> _WORK TO BE COMPLETED_: Within the entries below, find each line containing the word "source" and copy it.

> _INFORMATION GIVEN_:
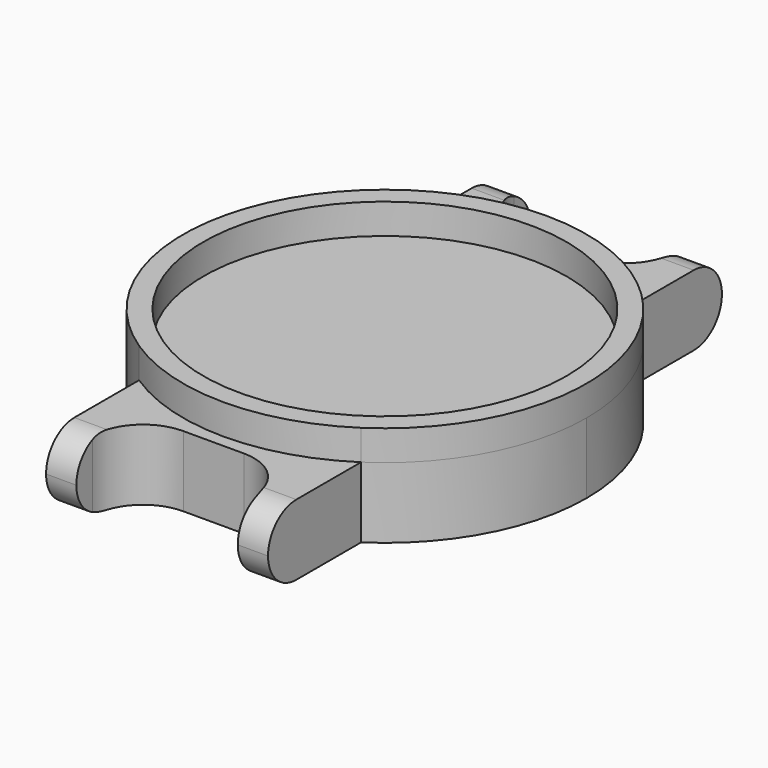
from build123d import *

# Parameters (mm, degrees)
F1_DEPTH = 7
F2_W     = 16
F2_H     = 7
F3_DEPTH = 10
F4_R     = 5
F5_R     = 3.49999
F6_R     = 18
F7_DEPTH = 3


# Not quite as in the source:
# - a fillet or chamfer is up to 0.001 mm smaller than in the source, because OpenCascade refuses the exact size


with BuildPart() as f1:
    # F0 (on Top) → F1 (new body)
    with BuildSketch(Plane.XY):
        with BuildLine():
            ThreePointArc((11, -16.7032930885), (17.6068168617, -9.4868329805), (20, 0))
            ThreePointArc((20, 0), (17.6068168617, 9.4868329805), (11, 16.7032930885))
            Line((11, 16.7032930885), (11, 12))
            Line((11, 12), (-11, 12))
            Line((-11, 12), (-11, 16.7032930885))
            ThreePointArc((-11, 16.7032930885), (-20, 0), (-11, -16.7032930885))
            Line((-11, -16.7032930885), (-11, -11.7698283494))
            Line((-11, -11.7698283494), (11, -11.7698283494))
            Line((11, -11.7698283494), (11, -16.7032930885))
        make_face()
        with BuildLine():
            Line((11, 12), (11, 16.7032930885))
            ThreePointArc((11, 16.7032930885), (0, 20), (-11, 16.7032930885))
            Line((-11, 16.7032930885), (-11, 12))
            Line((-11, 12), (11, 12))
        make_face()
        with BuildLine():
            ThreePointArc((-11, 16.7032930885), (0, 20), (11, 16.7032930885))
            Line((11, 16.7032930885), (11, 28))
            Line((11, 28), (-11, 28))
            Line((-11, 28), (-11, 16.7032930885))
        make_face()
        with BuildLine():
            Line((11, -28.2301716506), (11, -16.7032930885))
            ThreePointArc((11, -16.7032930885), (0, -20), (-11, -16.7032930885))
            Line((-11, -16.7032930885), (-11, -28.2301716506))
            Line((-11, -28.2301716506), (11, -28.2301716506))
        make_face()
        with BuildLine():
            ThreePointArc((-11, -16.7032930885), (0, -20), (11, -16.7032930885))
            Line((11, -16.7032930885), (11, -11.7698283494))
            Line((11, -11.7698283494), (-11, -11.7698283494))
            Line((-11, -11.7698283494), (-11, -16.7032930885))
        make_face()
    extrude(amount=F1_DEPTH)

    # F2 (on face) → F3 (cut)
    with BuildSketch(Plane.XY.offset(7)):
        with Locations((0, 24.5)):
            Rectangle(F2_W, F2_H)
        with Locations((0, -24.7301716506)):
            Rectangle(F2_W, F2_H)
    extrude(amount=-F3_DEPTH, mode=Mode.SUBTRACT)

    # F4
    f4_edges = [f1.edges().sort_by_distance(p)[0] for p in [
        (-8, 21, 3.5),
        (8, 21, 3.5),
        (8, -21.230172, 3.5),
        (-8, -21.230172, 3.5),
    ]]
    fillet(f4_edges, radius=F4_R)

    # F5 (radius 3.5 in the source; OpenCascade refuses exactly that, so slightly less here)
    f5_edges = [f1.edges().sort_by_distance(p)[0] for p in [
        (-9.5, -28.230172, 7),
        (9.5, -28.230172, 7),
        (-9.5, 28, 7),
        (9.5, 28, 7),
        (-9.5, 28, 0),
        (9.5, 28, 0),
        (-9.5, -28.230172, 0),
        (9.5, -28.230172, 0),
    ]]
    fillet(f5_edges, radius=F5_R)

    # F6 (on face) → F7 (join)
    with BuildSketch(Plane.XY.offset(7)):
        with BuildLine():
            Line((11, 16.7032930885), (11, 16.71100699))
            ThreePointArc((11, 16.71100699), (0, 20.0064428277), (-11, 16.71100699))
            Line((-11, 16.71100699), (-11, 16.7032930885))
            ThreePointArc((-11, 16.7032930885), (-20, 0), (-11, -16.7032930885))
            Line((-11, -16.7032930885), (-11, -16.71100699))
            ThreePointArc((-11, -16.71100699), (0, -20.0064428277), (11, -16.71100699))
            Line((11, -16.71100699), (11, -16.7032930885))
            ThreePointArc((11, -16.7032930885), (20, 0), (11, 16.7032930885))
        make_face()
        Circle(F6_R, mode=Mode.SUBTRACT)
    extrude(amount=F7_DEPTH)


solid = f1.part

> _RESPONSE FOR THIS EXERCISE_:
# Not quite as in the source:
# - a fillet or chamfer is up to 0.001 mm smaller than in the source, because OpenCascade refuses the exact size
    # F5 (radius 3.5 in the source; OpenCascade refuses exactly that, so slightly less here)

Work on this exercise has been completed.